Als sie mir die Kunst des Gänseberaufens beibrachte, wobei ich ängstlich und besorgt um die Tiere war, brach sie schließlich in den Ausruf aus: »Ne, Fräulein, stellen Sie sich ock nich gar so timplich an, der Lährer wurd Ihnen wol auch schon emal e paar Haare ausgehuscht hab'n, und Se sein nich davon gesturben.« Das half, und ich wagte mich herzhaft an die zappelnden Gänschen, obgleich ich mich nicht ähnlicher Vorkommnisse aus meiner Schulzeit entsinnen konnte. Frau Oberamtmann und ich lachten herzlich über diese Zurechtweisung, und erstere versicherte mir, daß die Gänse froh wären, die reifen Federn los zu werden, sie zögen sie sich selber mit dem Schnabel aus. Na, die, welche ich bezupft hatte, saßen einige Tage ziemlich traurig herum. Übrigens gelang es mir schließlich doch die Zufriedenheit und Achtung der Schleußern zu erringen, die bei aller Grobheit ihren Stand nie vergaß und mir ein Beispiel an Pflichttreue geblieben ist. Während meines Dortseins war es nicht ein einzigesmal nötig, sie an ihre Obliegenheiten zu erinnern, ich höre noch ihre mürrische Antwort, wenn man fragte, ob dies oder jenes besorgt sei: »Ich ha's gemacht«, damit war alles gesagt, aber auch wirklich getan.

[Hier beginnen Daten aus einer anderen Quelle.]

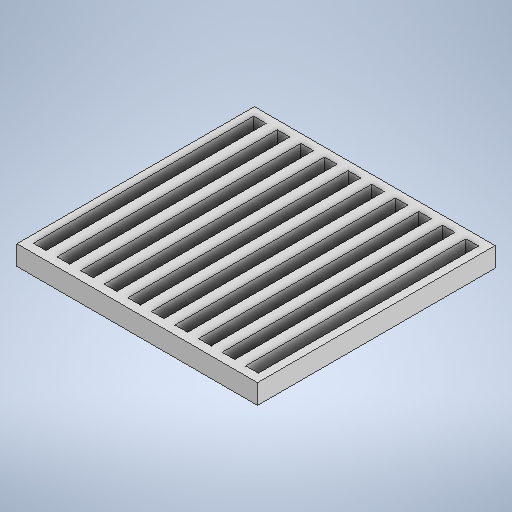
# Autodesk Inventor part: DisplayModuleHousingCap
Saved by Autodesk Inventor 2025.1 (Build 291241020, 241B)
## iProperties
Created: 2024-10-14
Part Number: DisplayModuleHousingCap
Material: Generic
Document SubType Name: Modeling
Designer: Si Teng Wu
Density: 1 g/cm^3
Appearance: Default
Author: Si Teng Wu
Autodesk Inventor part; units mm, degrees
ref_plane "YZ Plane" through (0, 0, 0) normal (1, 0, 0) x (0, 1, 0)
ref_plane "XZ Plane" through (0, 0, 0) normal (0, 1, 0) x (-1, 0, 0)
ref_plane "XY Plane" through (0, 0, 0) normal (0, 0, 1) x (1, 0, 0)
sketch "Sketch1" plane through (0, 0, 0) normal (0, 1, 0) x (-1, 0, 0)
  line L0 (28.6, -28) -> (25.4, -28)
  line L1 (25.4, -28) -> (25.4, 28)
  line L2 (25.4, 28) -> (28.6, 28)
  line L3 (28.6, 28) -> (28.6, -28)
  line L4 (28.6, -28) -> (25.4, 28) construction
  line L5 (25.4, -28) -> (28.6, 28) construction
  line L6 (22.6, -28) -> (19.4, -28)
  line L7 (19.4, -28) -> (19.4, 28)
  line L8 (19.4, 28) -> (22.6, 28)
  line L9 (22.6, 28) -> (22.6, -28)
  line L10 (22.6, -28) -> (19.4, 28) construction
  line L11 (19.4, -28) -> (22.6, 28) construction
  line L12 (16.6, -28) -> (13.4, -28)
  line L13 (13.4, -28) -> (13.4, 28)
  line L14 (13.4, 28) -> (16.6, 28)
  line L15 (16.6, 28) -> (16.6, -28)
  line L16 (16.6, -28) -> (13.4, 28) construction
  line L17 (13.4, -28) -> (16.6, 28) construction
  line L18 (10.6, -28) -> (7.4, -28)
  line L19 (7.4, 28) -> (10.6, 28)
  line L20 (7.4, -28) -> (7.4, 28)
  line L21 (10.6, -28) -> (7.4, 28) construction
  line L22 (7.4, -28) -> (10.6, 28) construction
  line L23 (10.6, 28) -> (10.6, -28)
  line L24 (4.6, -28) -> (1.4, -28)
  line L25 (1.4, 28) -> (4.6, 28)
  line L26 (1.4, -28) -> (1.4, 28)
  line L27 (4.6, -28) -> (1.4, 28) construction
  line L28 (1.4, -28) -> (4.6, 28) construction
  line L29 (4.6, 28) -> (4.6, -28)
  line L30 (-1.4, -28) -> (-4.6, -28)
  line L31 (-4.6, 28) -> (-1.4, 28)
  line L32 (-4.6, -28) -> (-4.6, 28)
  line L33 (-1.4, -28) -> (-4.6, 28) construction
  line L34 (-4.6, -28) -> (-1.4, 28) construction
  line L35 (-1.4, 28) -> (-1.4, -28)
  line L36 (-7.4, 28) -> (-7.4, -28)
  line L37 (-10.6, -28) -> (-7.4, 28) construction
  line L38 (-10.6, -28) -> (-10.6, 28)
  line L39 (-7.4, -28) -> (-10.6, 28) construction
  line L40 (-10.6, 28) -> (-7.4, 28)
  line L41 (-7.4, -28) -> (-10.6, -28)
  line L42 (-13.4, 28) -> (-13.4, -28)
  line L43 (-16.6, -28) -> (-13.4, 28) construction
  line L44 (-16.6, -28) -> (-16.6, 28)
  line L45 (-13.4, -28) -> (-16.6, 28) construction
  line L46 (-16.6, 28) -> (-13.4, 28)
  line L47 (-13.4, -28) -> (-16.6, -28)
  line L48 (-19.4, 28) -> (-19.4, -28)
  line L49 (-22.6, -28) -> (-19.4, 28) construction
  line L50 (-22.6, -28) -> (-22.6, 28)
  line L51 (-19.4, -28) -> (-22.6, 28) construction
  line L52 (-22.6, 28) -> (-19.4, 28)
  line L53 (-19.4, -28) -> (-22.6, -28)
  line L54 (-25.4, 28) -> (-25.4, -28)
  line L55 (-28.6, -28) -> (-25.4, 28) construction
  line L56 (-28.6, -28) -> (-28.6, 28)
  line L57 (-25.4, -28) -> (-28.6, 28) construction
  line L58 (-28.6, 28) -> (-25.4, 28)
  line L59 (-25.4, -28) -> (-28.6, -28)
  line L60 (0, 0) -> (33.435, 0)
  point P0 (27, 28)
  point P1 (21, 28)
  point P2 (15, 28)
  point P3 (9, 28)
  point P4 (3, 28)
  point P5 (-3, 28)
  point P6 (-9, 28)
  point P7 (-15, 28)
  point P8 (-21, 28)
  point P9 (-27, 28)
  point P10 (27, -28)
  point P11 (21, 0)
  point P12 (27, 0)
  point P13 (15, 0)
  point P14 (21, 0)
  point P15 (9, 0)
  point P16 (15, 0)
  point P17 (3, 0)
  point P18 (9, 0)
  point P19 (-3, 0)
  point P20 (3, 0)
  point P21 (-9, 0)
  point P22 (-3, 0)
  point P23 (-15, 0)
  point P24 (-9, 0)
  point P25 (-21, 0)
  point P26 (-15, 0)
  point P27 (-27, 0)
  point P28 (-21, 0)
  point P29 (27, 0)
  dimension "d0" = 3.2
  dimension "d1" = 3.2
  dimension "d2" = 3.2
  dimension "d3" = 3.2
  dimension "d4" = 3.2
  dimension "d5" = 3.2
  dimension "d6" = 3.2
  dimension "d7" = 3.2
  dimension "d8" = 3.2
  dimension "d9" = 6
  dimension "d10" = 6
  dimension "d11" = 6
  dimension "d12" = 6
  dimension "d13" = 6
  dimension "d14" = 6
  dimension "d15" = 6
  dimension "d16" = 6
  dimension "d17" = 6
  dimension "d19" = 3
  dimension "d26" = 56
  constraints: 122 end point, 30 midpoint, 20 parallel, 19 collinear, 11 horizontal, 10 perpendicular, 1 horizontal alignment, 1 other
  measures "d0" distance between parallel lines of L1 L3
  measures "d1" distance between parallel lines of L13 L15
  measures "d2" distance between parallel lines of L20 L23
  measures "d3" distance between parallel lines of L26 L29
  measures "d4" distance between parallel lines of L32 L35
  measures "d5" distance between parallel lines of L38 L36
  measures "d6" distance between parallel lines of L44 L42
  measures "d7" distance between parallel lines of L50 L48
  measures "d8" distance between parallel lines of L56 L54
  measures "d9" distance of point (21, 0) point (27, 0)
  measures "d10" distance of point (15, 0) point (21, 0)
  measures "d11" distance of point (9, 0) point (15, 0)
  measures "d12" distance of point (3, 0) point (9, 0)
  measures "d13" distance of point (-3, 0) point (3, 0)
  measures "d14" distance of point (-9, 0) point (-3, 0)
  measures "d15" distance of point (-15, 0) point (-9, 0)
  measures "d16" distance of point (-21, 0) point (-15, 0)
  measures "d17" distance of point (-27, 0) point (-21, 0)
  measures "d19" distance of point (-3, 0) L60.start
  measures "d26" distance between parallel lines of L2 L0
sketch "Sketch2" plane through (0, 0, 0) normal (0, 1, 0) x (-1, 0, 0)
  line L0 (-30.6, -30.2) -> (30.6, -30.2)
  line L1 (30.6, -30.2) -> (30.6, 30.2)
  line L2 (30.6, 30.2) -> (-30.6, 30.2)
  line L3 (-30.6, 30.2) -> (-30.6, -30.2)
  line L4 (-30.6, -30.2) -> (30.6, 30.2) construction
  line L5 (30.6, -30.2) -> (-30.6, 30.2) construction
  point P0 (0, 0)
  dimension "d20" = 60.4
  dimension "d21" = 61.2
  constraints: 12 end point, 2 midpoint, 2 parallel, 1 horizontal, 1 perpendicular
  measures "d20" distance of L0.end L1.end
  measures "d21" distance of L0.start L0.end
extrude "Extrusion1" add sketch "Sketch2" against normal blind 5
extrude "Extrusion2" cut sketch "Sketch1" against normal blind 3.5
equation "\"d1\" = d0"
equation "\"d2\" = d0"
equation "\"d3\" = d0"
equation "\"d4\" = d0"
equation "\"d5\" = d4"
equation "\"d6\" = d5"
equation "\"d7\" = d6"
equation "\"d8\" = d6"
equation "\"d10\" = d9"
equation "\"d11\" = d10"
equation "\"d12\" = d11"
equation "\"d13\" = d12"
equation "\"d14\" = d13"
equation "\"d15\" = d14"
equation "\"d16\" = d15"
equation "\"d17\" = d16"
equation "\"d19\" = 0.5 * d13"
body "Solid1"

Als ich mich von ihr verabschiedete, meinte sie, ich könne nun schon aufs Land heiraten, zuerst hätte sie gedacht, ich würde nichts anfassen, »bloß mit dem Sonnenschirm spazieren gehen«. Dreizehn Jahre ist sie auf dem Hofe geblieben und nur, weil der Willem dann in die Stadt in die Lehre ging, hat sie ihr reiches Feld der Tätigkeit verlassen. Ich habe nichts mehr von ihr gehört, daß ich sie nicht vergessen habe, zeigen diese Zeilen.